I would not be surprised that some of the recent volatility is a short position put on by a convertible debt holder since they are nearing cash out of their convertible notes. You just keep shorting since you have have a share delivery from ECOS coming. Since you are going to receive shares at a discount to current market (discount can be 40-60% off of trading price) there is limited downside in continuing to place and rerolling your short.
I have seen where noteholders getting restricted shares will short until the restriction lapses. Thought the longest I have seen is about 3 months.
If the OS is not going up and their is extremely large trading volume (like we have seen the last few weeks) in the stock it would not surprise me that this is just a short trade preparing to cover a cash out.
The one caveat at the bottom of the article is that the issuer should be current in their filings. That is to protect the company and its officers under the Securities laws when they deliver shares without a registration statement.
If done right this is perfectly legal, but it does dilute the value of the issuing company. Every share issued at a discount effectively takes value away from other shareholders. You do this financing because you can't get financing in the real market.
As I tell young lawyers letting your client tweet and post on other social media is now dangerous from a securities point of view. It is another way to create liability for the company.
Kenny
Tweets made by an employee acting on behalf of the Company are covered by Reg FD and the SEC disclosure rules. The SEC issued notices years ago that stated this.
So ECOS tweeting is as if they made a public disclosure. If it is wrong it carries the same penalties as if it were made in a PR or 8K
Maybe I should invite this Board to my Spring symposium on Reg FD I do for law students and young lawyers
I am saving it as an early Christmas present for the Board. I want to see if they can read and figure out themselves. It is kind of important so they should be able to figure it out.
No just a an old and grizzly accountant, lawyer and M&A guy. I have written a lot of SEC disclosure over the years so it helps when you read other people's stuff. A while back when they first noted they had to amend the 10-K I posted three other things they should think of fixing. Miraculously they were all fixed in the amended K.

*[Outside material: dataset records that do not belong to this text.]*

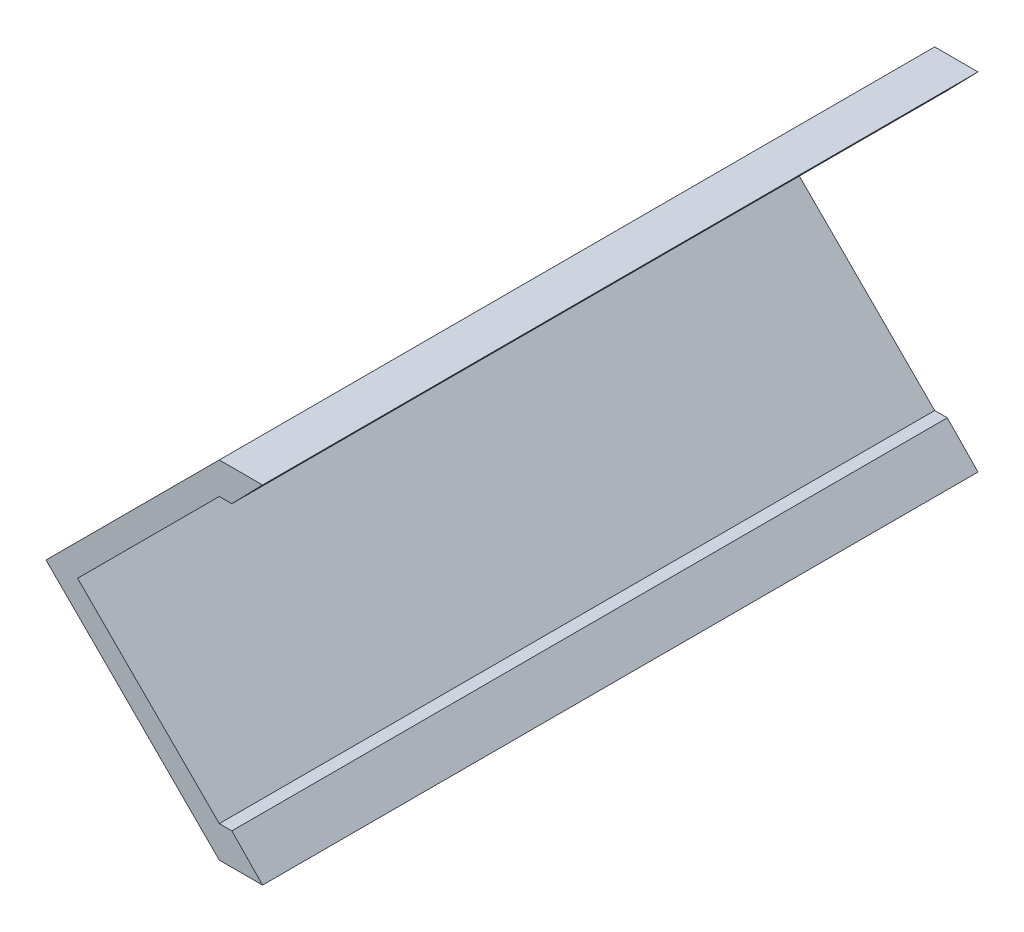
ISO-10303-21;
HEADER;
FILE_DESCRIPTION(('STEP AP214'),'2;1');
FILE_NAME('part.step','',(''),(''),'','','');
FILE_SCHEMA(('AUTOMOTIVE_DESIGN { 1 0 10303 214 1 1 1 1 }'));
ENDSEC;
DATA;
#1=APPLICATION_CONTEXT('core data for automotive mechanical design processes');
#2=APPLICATION_PROTOCOL_DEFINITION('international standard','automotive_design',2000,#1);
#3=PRODUCT_CONTEXT('',#1,'mechanical');
#4=PRODUCT('Part','Part','',(#3));
#5=PRODUCT_RELATED_PRODUCT_CATEGORY('part','',(#4));
#6=PRODUCT_DEFINITION_FORMATION('','',#4);
#7=PRODUCT_DEFINITION_CONTEXT('part definition',#1,'design');
#8=PRODUCT_DEFINITION('design','',#6,#7);
#9=PRODUCT_DEFINITION_SHAPE('','',#8);
#10=(LENGTH_UNIT() NAMED_UNIT(*) SI_UNIT(.MILLI.,.METRE.));
#11=(NAMED_UNIT(*) PLANE_ANGLE_UNIT() SI_UNIT($,.RADIAN.));
#12=(NAMED_UNIT(*) SI_UNIT($,.STERADIAN.) SOLID_ANGLE_UNIT());
#13=UNCERTAINTY_MEASURE_WITH_UNIT(LENGTH_MEASURE(1.E-05),#10,'distance_accuracy_value','');
#14=(GEOMETRIC_REPRESENTATION_CONTEXT(3) GLOBAL_UNCERTAINTY_ASSIGNED_CONTEXT((#13)) GLOBAL_UNIT_ASSIGNED_CONTEXT((#10,
#11,#12)) REPRESENTATION_CONTEXT('',''));
#15=CARTESIAN_POINT('',(0.,0.,0.));
#16=DIRECTION('',(0.,0.,1.));
#17=DIRECTION('',(1.,0.,0.));
#18=AXIS2_PLACEMENT_3D('',#15,#16,#17);
#19=CARTESIAN_POINT('',(34.4,12.4,51.2));
#20=DIRECTION('',(0.707106781186548,-0.707106781186548,0.));
#21=DIRECTION('',(0.707106781186548,0.707106781186548,0.));
#22=AXIS2_PLACEMENT_3D('',#19,#20,#21);
#23=PLANE('',#22);
#24=DIRECTION('',(-0.707106781186547,-0.707106781186547,0.));
#25=VECTOR('',#24,1.);
#26=CARTESIAN_POINT('',(34.4,12.4,0.));
#27=LINE('',#26,#25);
#28=CARTESIAN_POINT('',(34.4,12.4,0.));
#29=VERTEX_POINT('',#28);
#30=CARTESIAN_POINT('',(22.,0.,0.));
#31=VERTEX_POINT('',#30);
#32=EDGE_CURVE('E151',#29,#31,#27,.T.);
#33=ORIENTED_EDGE('',*,*,#32,.T.);
#34=DIRECTION('',(0.,0.,-1.));
#35=VECTOR('',#34,1.);
#36=CARTESIAN_POINT('',(22.,0.,51.2));
#37=LINE('',#36,#35);
#38=CARTESIAN_POINT('',(22.,0.,51.2));
#39=VERTEX_POINT('',#38);
#40=EDGE_CURVE('E11',#39,#31,#37,.T.);
#41=ORIENTED_EDGE('',*,*,#40,.F.);
#42=DIRECTION('',(-0.707106781186547,-0.707106781186547,0.));
#43=VECTOR('',#42,1.);
#44=CARTESIAN_POINT('',(34.4,12.4,51.2));
#45=LINE('',#44,#43);
#46=CARTESIAN_POINT('',(34.4,12.4,51.2));
#47=VERTEX_POINT('',#46);
#48=EDGE_CURVE('E170',#47,#39,#45,.T.);
#49=ORIENTED_EDGE('',*,*,#48,.F.);
#50=DIRECTION('',(0.,0.,-1.));
#51=VECTOR('',#50,1.);
#52=CARTESIAN_POINT('',(34.4,12.4,51.2));
#53=LINE('',#52,#51);
#54=EDGE_CURVE('E150',#47,#29,#53,.T.);
#55=ORIENTED_EDGE('',*,*,#54,.T.);
#56=EDGE_LOOP('',(#33,#41,#49,#55));
#57=FACE_BOUND('',#56,.T.);
#58=ADVANCED_FACE('F43',(#57),#23,.F.);
#59=CARTESIAN_POINT('',(22.,0.,51.2));
#60=DIRECTION('',(0.707106781186548,0.707106781186548,0.));
#61=DIRECTION('',(-0.707106781186548,0.707106781186548,0.));
#62=AXIS2_PLACEMENT_3D('',#59,#60,#61);
#63=PLANE('',#62);
#64=DIRECTION('',(0.707106781186547,-0.707106781186547,0.));
#65=VECTOR('',#64,1.);
#66=CARTESIAN_POINT('',(22.,0.,0.));
#67=LINE('',#66,#65);
#68=CARTESIAN_POINT('',(34.4,-12.4,0.));
#69=VERTEX_POINT('',#68);
#70=EDGE_CURVE('E153',#31,#69,#67,.T.);
#71=ORIENTED_EDGE('',*,*,#70,.T.);
#72=DIRECTION('',(0.,0.,-1.));
#73=VECTOR('',#72,1.);
#74=CARTESIAN_POINT('',(34.4,-12.4,51.2));
#75=LINE('',#74,#73);
#76=CARTESIAN_POINT('',(34.4,-12.4,51.2));
#77=VERTEX_POINT('',#76);
#78=EDGE_CURVE('E51',#77,#69,#75,.T.);
#79=ORIENTED_EDGE('',*,*,#78,.F.);
#80=DIRECTION('',(0.707106781186547,-0.707106781186547,0.));
#81=VECTOR('',#80,1.);
#82=CARTESIAN_POINT('',(22.,0.,51.2));
#83=LINE('',#82,#81);
#84=EDGE_CURVE('E109',#39,#77,#83,.T.);
#85=ORIENTED_EDGE('',*,*,#84,.F.);
#86=ORIENTED_EDGE('',*,*,#40,.T.);
#87=EDGE_LOOP('',(#71,#79,#85,#86));
#88=FACE_BOUND('',#87,.T.);
#89=ADVANCED_FACE('F216',(#88),#63,.F.);
#90=CARTESIAN_POINT('',(34.4,-12.4,51.2));
#91=DIRECTION('',(0.,1.,0.));
#92=DIRECTION('',(0.,0.,1.));
#93=AXIS2_PLACEMENT_3D('',#90,#91,#92);
#94=PLANE('',#93);
#95=DIRECTION('',(1.,0.,0.));
#96=VECTOR('',#95,1.);
#97=CARTESIAN_POINT('',(34.4,-12.4,0.));
#98=LINE('',#97,#96);
#99=CARTESIAN_POINT('',(37.4975002975482,-12.4,0.));
#100=VERTEX_POINT('',#99);
#101=EDGE_CURVE('E157',#69,#100,#98,.T.);
#102=ORIENTED_EDGE('',*,*,#101,.T.);
#103=DIRECTION('',(0.,0.,-1.));
#104=VECTOR('',#103,1.);
#105=CARTESIAN_POINT('',(37.4975002975482,-12.4,51.2));
#106=LINE('',#105,#104);
#107=CARTESIAN_POINT('',(37.4975002975482,-12.4,51.2));
#108=VERTEX_POINT('',#107);
#109=EDGE_CURVE('E185',#108,#100,#106,.T.);
#110=ORIENTED_EDGE('',*,*,#109,.F.);
#111=DIRECTION('',(1.,0.,0.));
#112=VECTOR('',#111,1.);
#113=CARTESIAN_POINT('',(34.4,-12.4,51.2));
#114=LINE('',#113,#112);
#115=EDGE_CURVE('E189',#77,#108,#114,.T.);
#116=ORIENTED_EDGE('',*,*,#115,.F.);
#117=ORIENTED_EDGE('',*,*,#78,.T.);
#118=EDGE_LOOP('',(#102,#110,#116,#117));
#119=FACE_BOUND('',#118,.T.);
#120=ADVANCED_FACE('F187',(#119),#94,.F.);
#121=CARTESIAN_POINT('',(37.4975002975482,-12.4,51.2));
#122=DIRECTION('',(-0.717320134948834,-0.696743729069007,0.));
#123=DIRECTION('',(0.696743729069008,-0.717320134948834,0.));
#124=AXIS2_PLACEMENT_3D('',#121,#122,#123);
#125=PLANE('',#124);
#126=DIRECTION('',(-0.696743729069007,0.717320134948834,0.));
#127=VECTOR('',#126,1.);
#128=CARTESIAN_POINT('',(37.4975002975482,-12.4,0.));
#129=LINE('',#128,#127);
#130=CARTESIAN_POINT('',(35.299665588853,-10.137258300203,0.));
#131=VERTEX_POINT('',#130);
#132=EDGE_CURVE('E156',#100,#131,#129,.T.);
#133=ORIENTED_EDGE('',*,*,#132,.T.);
#134=DIRECTION('',(0.,0.,-1.));
#135=VECTOR('',#134,1.);
#136=CARTESIAN_POINT('',(35.299665588853,-10.137258300203,51.2));
#137=LINE('',#136,#135);
#138=CARTESIAN_POINT('',(35.299665588853,-10.137258300203,51.2));
#139=VERTEX_POINT('',#138);
#140=EDGE_CURVE('E177',#139,#131,#137,.T.);
#141=ORIENTED_EDGE('',*,*,#140,.F.);
#142=DIRECTION('',(-0.696743729069007,0.717320134948834,0.));
#143=VECTOR('',#142,1.);
#144=CARTESIAN_POINT('',(37.4975002975482,-12.4,51.2));
#145=LINE('',#144,#143);
#146=EDGE_CURVE('E209',#108,#139,#145,.T.);
#147=ORIENTED_EDGE('',*,*,#146,.F.);
#148=ORIENTED_EDGE('',*,*,#109,.T.);
#149=EDGE_LOOP('',(#133,#141,#147,#148));
#150=FACE_BOUND('',#149,.T.);
#151=ADVANCED_FACE('F198',(#150),#125,.F.);
#152=CARTESIAN_POINT('',(35.299665588853,-10.137258300203,51.2));
#153=DIRECTION('',(0.,-1.,0.));
#154=DIRECTION('',(0.,0.,-1.));
#155=AXIS2_PLACEMENT_3D('',#152,#153,#154);
#156=PLANE('',#155);
#157=DIRECTION('',(-1.,0.,0.));
#158=VECTOR('',#157,1.);
#159=CARTESIAN_POINT('',(35.299665588853,-10.137258300203,0.));
#160=LINE('',#159,#158);
#161=CARTESIAN_POINT('',(34.4,-10.137258300203,0.));
#162=VERTEX_POINT('',#161);
#163=EDGE_CURVE('E158',#131,#162,#160,.T.);
#164=ORIENTED_EDGE('',*,*,#163,.T.);
#165=DIRECTION('',(0.,0.,-1.));
#166=VECTOR('',#165,1.);
#167=CARTESIAN_POINT('',(34.4,-10.137258300203,51.2));
#168=LINE('',#167,#166);
#169=CARTESIAN_POINT('',(34.4,-10.137258300203,51.2));
#170=VERTEX_POINT('',#169);
#171=EDGE_CURVE('E176',#170,#162,#168,.T.);
#172=ORIENTED_EDGE('',*,*,#171,.F.);
#173=DIRECTION('',(-1.,0.,0.));
#174=VECTOR('',#173,1.);
#175=CARTESIAN_POINT('',(35.299665588853,-10.137258300203,51.2));
#176=LINE('',#175,#174);
#177=EDGE_CURVE('E203',#139,#170,#176,.T.);
#178=ORIENTED_EDGE('',*,*,#177,.F.);
#179=ORIENTED_EDGE('',*,*,#140,.T.);
#180=EDGE_LOOP('',(#164,#172,#178,#179));
#181=FACE_BOUND('',#180,.T.);
#182=ADVANCED_FACE('F201',(#181),#156,.F.);
#183=CARTESIAN_POINT('',(34.4,-10.137258300203,51.2));
#184=DIRECTION('',(-0.707106781186547,-0.707106781186548,0.));
#185=DIRECTION('',(0.707106781186548,-0.707106781186547,0.));
#186=AXIS2_PLACEMENT_3D('',#183,#184,#185);
#187=PLANE('',#186);
#188=DIRECTION('',(-0.707106781186547,0.707106781186547,0.));
#189=VECTOR('',#188,1.);
#190=CARTESIAN_POINT('',(34.4,-10.137258300203,0.));
#191=LINE('',#190,#189);
#192=CARTESIAN_POINT('',(24.262741699797,0.,0.));
#193=VERTEX_POINT('',#192);
#194=EDGE_CURVE('E162',#162,#193,#191,.T.);
#195=ORIENTED_EDGE('',*,*,#194,.T.);
#196=DIRECTION('',(0.,0.,-1.));
#197=VECTOR('',#196,1.);
#198=CARTESIAN_POINT('',(24.262741699797,0.,51.2));
#199=LINE('',#198,#197);
#200=CARTESIAN_POINT('',(24.262741699797,0.,51.2));
#201=VERTEX_POINT('',#200);
#202=EDGE_CURVE('E171',#201,#193,#199,.T.);
#203=ORIENTED_EDGE('',*,*,#202,.F.);
#204=DIRECTION('',(-0.707106781186547,0.707106781186547,0.));
#205=VECTOR('',#204,1.);
#206=CARTESIAN_POINT('',(34.4,-10.137258300203,51.2));
#207=LINE('',#206,#205);
#208=EDGE_CURVE('E207',#170,#201,#207,.T.);
#209=ORIENTED_EDGE('',*,*,#208,.F.);
#210=ORIENTED_EDGE('',*,*,#171,.T.);
#211=EDGE_LOOP('',(#195,#203,#209,#210));
#212=FACE_BOUND('',#211,.T.);
#213=ADVANCED_FACE('F229',(#212),#187,.F.);
#214=CARTESIAN_POINT('',(24.262741699797,0.,51.2));
#215=DIRECTION('',(-0.707106781186547,0.707106781186548,0.));
#216=DIRECTION('',(-0.707106781186548,-0.707106781186547,0.));
#217=AXIS2_PLACEMENT_3D('',#214,#215,#216);
#218=PLANE('',#217);
#219=DIRECTION('',(0.707106781186547,0.707106781186547,0.));
#220=VECTOR('',#219,1.);
#221=CARTESIAN_POINT('',(24.262741699797,0.,0.));
#222=LINE('',#221,#220);
#223=CARTESIAN_POINT('',(34.4,10.137258300203,0.));
#224=VERTEX_POINT('',#223);
#225=EDGE_CURVE('E163',#193,#224,#222,.T.);
#226=ORIENTED_EDGE('',*,*,#225,.T.);
#227=DIRECTION('',(0.,0.,-1.));
#228=VECTOR('',#227,1.);
#229=CARTESIAN_POINT('',(34.4,10.137258300203,51.2));
#230=LINE('',#229,#228);
#231=CARTESIAN_POINT('',(34.4,10.137258300203,51.2));
#232=VERTEX_POINT('',#231);
#233=EDGE_CURVE('E145',#232,#224,#230,.T.);
#234=ORIENTED_EDGE('',*,*,#233,.F.);
#235=DIRECTION('',(0.707106781186547,0.707106781186547,0.));
#236=VECTOR('',#235,1.);
#237=CARTESIAN_POINT('',(24.262741699797,0.,51.2));
#238=LINE('',#237,#236);
#239=EDGE_CURVE('E133',#201,#232,#238,.T.);
#240=ORIENTED_EDGE('',*,*,#239,.F.);
#241=ORIENTED_EDGE('',*,*,#202,.T.);
#242=EDGE_LOOP('',(#226,#234,#240,#241));
#243=FACE_BOUND('',#242,.T.);
#244=ADVANCED_FACE('F232',(#243),#218,.F.);
#245=CARTESIAN_POINT('',(34.4,10.137258300203,51.2));
#246=DIRECTION('',(0.,1.,0.));
#247=DIRECTION('',(0.,0.,1.));
#248=AXIS2_PLACEMENT_3D('',#245,#246,#247);
#249=PLANE('',#248);
#250=DIRECTION('',(1.,0.,0.));
#251=VECTOR('',#250,1.);
#252=CARTESIAN_POINT('',(34.4,10.137258300203,0.));
#253=LINE('',#252,#251);
#254=CARTESIAN_POINT('',(35.299665588853,10.137258300203,0.));
#255=VERTEX_POINT('',#254);
#256=EDGE_CURVE('E141',#224,#255,#253,.T.);
#257=ORIENTED_EDGE('',*,*,#256,.T.);
#258=DIRECTION('',(0.,0.,-1.));
#259=VECTOR('',#258,1.);
#260=CARTESIAN_POINT('',(35.299665588853,10.137258300203,51.2));
#261=LINE('',#260,#259);
#262=CARTESIAN_POINT('',(35.299665588853,10.137258300203,51.2));
#263=VERTEX_POINT('',#262);
#264=EDGE_CURVE('E138',#263,#255,#261,.T.);
#265=ORIENTED_EDGE('',*,*,#264,.F.);
#266=DIRECTION('',(1.,0.,0.));
#267=VECTOR('',#266,1.);
#268=CARTESIAN_POINT('',(34.4,10.137258300203,51.2));
#269=LINE('',#268,#267);
#270=EDGE_CURVE('E130',#232,#263,#269,.T.);
#271=ORIENTED_EDGE('',*,*,#270,.F.);
#272=ORIENTED_EDGE('',*,*,#233,.T.);
#273=EDGE_LOOP('',(#257,#265,#271,#272));
#274=FACE_BOUND('',#273,.T.);
#275=ADVANCED_FACE('F137',(#274),#249,.F.);
#276=CARTESIAN_POINT('',(35.299665588853,10.137258300203,51.2));
#277=DIRECTION('',(-0.717320134948834,0.696743729069007,0.));
#278=DIRECTION('',(-0.696743729069008,-0.717320134948834,0.));
#279=AXIS2_PLACEMENT_3D('',#276,#277,#278);
#280=PLANE('',#279);
#281=DIRECTION('',(0.696743729069007,0.717320134948834,0.));
#282=VECTOR('',#281,1.);
#283=CARTESIAN_POINT('',(35.299665588853,10.137258300203,0.));
#284=LINE('',#283,#282);
#285=CARTESIAN_POINT('',(37.4975002975482,12.4,0.));
#286=VERTEX_POINT('',#285);
#287=EDGE_CURVE('E92',#255,#286,#284,.T.);
#288=ORIENTED_EDGE('',*,*,#287,.T.);
#289=DIRECTION('',(0.,0.,-1.));
#290=VECTOR('',#289,1.);
#291=CARTESIAN_POINT('',(37.4975002975482,12.4,51.2));
#292=LINE('',#291,#290);
#293=CARTESIAN_POINT('',(37.4975002975482,12.4,51.2));
#294=VERTEX_POINT('',#293);
#295=EDGE_CURVE('E142',#294,#286,#292,.T.);
#296=ORIENTED_EDGE('',*,*,#295,.F.);
#297=DIRECTION('',(0.696743729069007,0.717320134948834,0.));
#298=VECTOR('',#297,1.);
#299=CARTESIAN_POINT('',(35.299665588853,10.137258300203,51.2));
#300=LINE('',#299,#298);
#301=EDGE_CURVE('E131',#263,#294,#300,.T.);
#302=ORIENTED_EDGE('',*,*,#301,.F.);
#303=ORIENTED_EDGE('',*,*,#264,.T.);
#304=EDGE_LOOP('',(#288,#296,#302,#303));
#305=FACE_BOUND('',#304,.T.);
#306=ADVANCED_FACE('F144',(#305),#280,.F.);
#307=CARTESIAN_POINT('',(37.4975002975482,12.4,51.2));
#308=DIRECTION('',(0.,-1.,0.));
#309=DIRECTION('',(0.,0.,-1.));
#310=AXIS2_PLACEMENT_3D('',#307,#308,#309);
#311=PLANE('',#310);
#312=DIRECTION('',(-1.,0.,0.));
#313=VECTOR('',#312,1.);
#314=CARTESIAN_POINT('',(37.4975002975482,12.4,0.));
#315=LINE('',#314,#313);
#316=EDGE_CURVE('E99',#286,#29,#315,.T.);
#317=ORIENTED_EDGE('',*,*,#316,.T.);
#318=ORIENTED_EDGE('',*,*,#54,.F.);
#319=DIRECTION('',(-1.,0.,0.));
#320=VECTOR('',#319,1.);
#321=CARTESIAN_POINT('',(37.4975002975482,12.4,51.2));
#322=LINE('',#321,#320);
#323=EDGE_CURVE('E56',#294,#47,#322,.T.);
#324=ORIENTED_EDGE('',*,*,#323,.F.);
#325=ORIENTED_EDGE('',*,*,#295,.T.);
#326=EDGE_LOOP('',(#317,#318,#324,#325));
#327=FACE_BOUND('',#326,.T.);
#328=ADVANCED_FACE('F242',(#327),#311,.F.);
#329=CARTESIAN_POINT('',(0.,0.,51.2));
#330=DIRECTION('',(0.,0.,1.));
#331=DIRECTION('',(1.,0.,0.));
#332=AXIS2_PLACEMENT_3D('',#329,#330,#331);
#333=PLANE('',#332);
#334=ORIENTED_EDGE('',*,*,#48,.T.);
#335=ORIENTED_EDGE('',*,*,#84,.T.);
#336=ORIENTED_EDGE('',*,*,#115,.T.);
#337=ORIENTED_EDGE('',*,*,#146,.T.);
#338=ORIENTED_EDGE('',*,*,#177,.T.);
#339=ORIENTED_EDGE('',*,*,#208,.T.);
#340=ORIENTED_EDGE('',*,*,#239,.T.);
#341=ORIENTED_EDGE('',*,*,#270,.T.);
#342=ORIENTED_EDGE('',*,*,#301,.T.);
#343=ORIENTED_EDGE('',*,*,#323,.T.);
#344=EDGE_LOOP('',(#334,#335,#336,#337,#338,#339,#340,#341,#342,#343));
#345=FACE_BOUND('',#344,.T.);
#346=ADVANCED_FACE('F129',(#345),#333,.T.);
#347=CARTESIAN_POINT('',(0.,0.,0.));
#348=DIRECTION('',(0.,0.,1.));
#349=DIRECTION('',(1.,0.,0.));
#350=AXIS2_PLACEMENT_3D('',#347,#348,#349);
#351=PLANE('',#350);
#352=ORIENTED_EDGE('',*,*,#32,.F.);
#353=ORIENTED_EDGE('',*,*,#316,.F.);
#354=ORIENTED_EDGE('',*,*,#287,.F.);
#355=ORIENTED_EDGE('',*,*,#256,.F.);
#356=ORIENTED_EDGE('',*,*,#225,.F.);
#357=ORIENTED_EDGE('',*,*,#194,.F.);
#358=ORIENTED_EDGE('',*,*,#163,.F.);
#359=ORIENTED_EDGE('',*,*,#132,.F.);
#360=ORIENTED_EDGE('',*,*,#101,.F.);
#361=ORIENTED_EDGE('',*,*,#70,.F.);
#362=EDGE_LOOP('',(#352,#353,#354,#355,#356,#357,#358,#359,#360,#361));
#363=FACE_BOUND('',#362,.T.);
#364=ADVANCED_FACE('F191',(#363),#351,.F.);
#365=CLOSED_SHELL('',(#58,#89,#120,#151,#182,#213,#244,#275,#306,#328,#346,#364));
#366=MANIFOLD_SOLID_BREP('B2',#365);
#367=ADVANCED_BREP_SHAPE_REPRESENTATION('',(#18,#366),#14);
#368=SHAPE_DEFINITION_REPRESENTATION(#9,#367);
ENDSEC;
END-ISO-10303-21;

Want to see if they find the mistake they just made in the amended K. If they don't note in a couple of weeks I will kindly post.
the warrant shares are not issued. Those restricted shares either went to debt conversion or insiders for capital.
If the warrant shares were in fact issued their SEC filings would be materially incorrect.
All the disclosure in the 10-K states was a projection of what LRS share would have been based on shares outstanding at that time. Another annoying SEC disclosure requirement of potential obligations of the issuer. The number of shares issuable for each 5 1/3% increases each time the O/S and Restricted goes up. When the dust settles my guess is LRS will be entitled to close to 3bn shares for all of their warrants.
By the way there is another error in the 10-K they just filed. I am going to hold this one for a couple of weeks to see if they found it.
Kind of a material omission from their filings. The preferred shares give the insiders the voting control over the company. It is how they were able to do the 14C without notice to shareholders. Not something new preferred issued to insiders in 2013. Their explanation is not entirely correct. It has zero gaap accounting value when issued but has substantial economic value as a result of voting control. Theee shares have the ability to block any corporate action and can cause an action to occur without common shareholder consent.
This is all driven by GAAP accounting and the SEC disclosure rules. They need to report constructive ownership (not actual ownership) when they issue derivative equity instruments. The intent of this disclosure is to tell a reader at YE 2016 how many additional shares would be issued as of that date if the warrants are exercised.
The amount of these shares potentially issuable will change at YE 2017. The number of shares that LRS has the right to acquire for each 5 1/3% goes up each time the OS increases.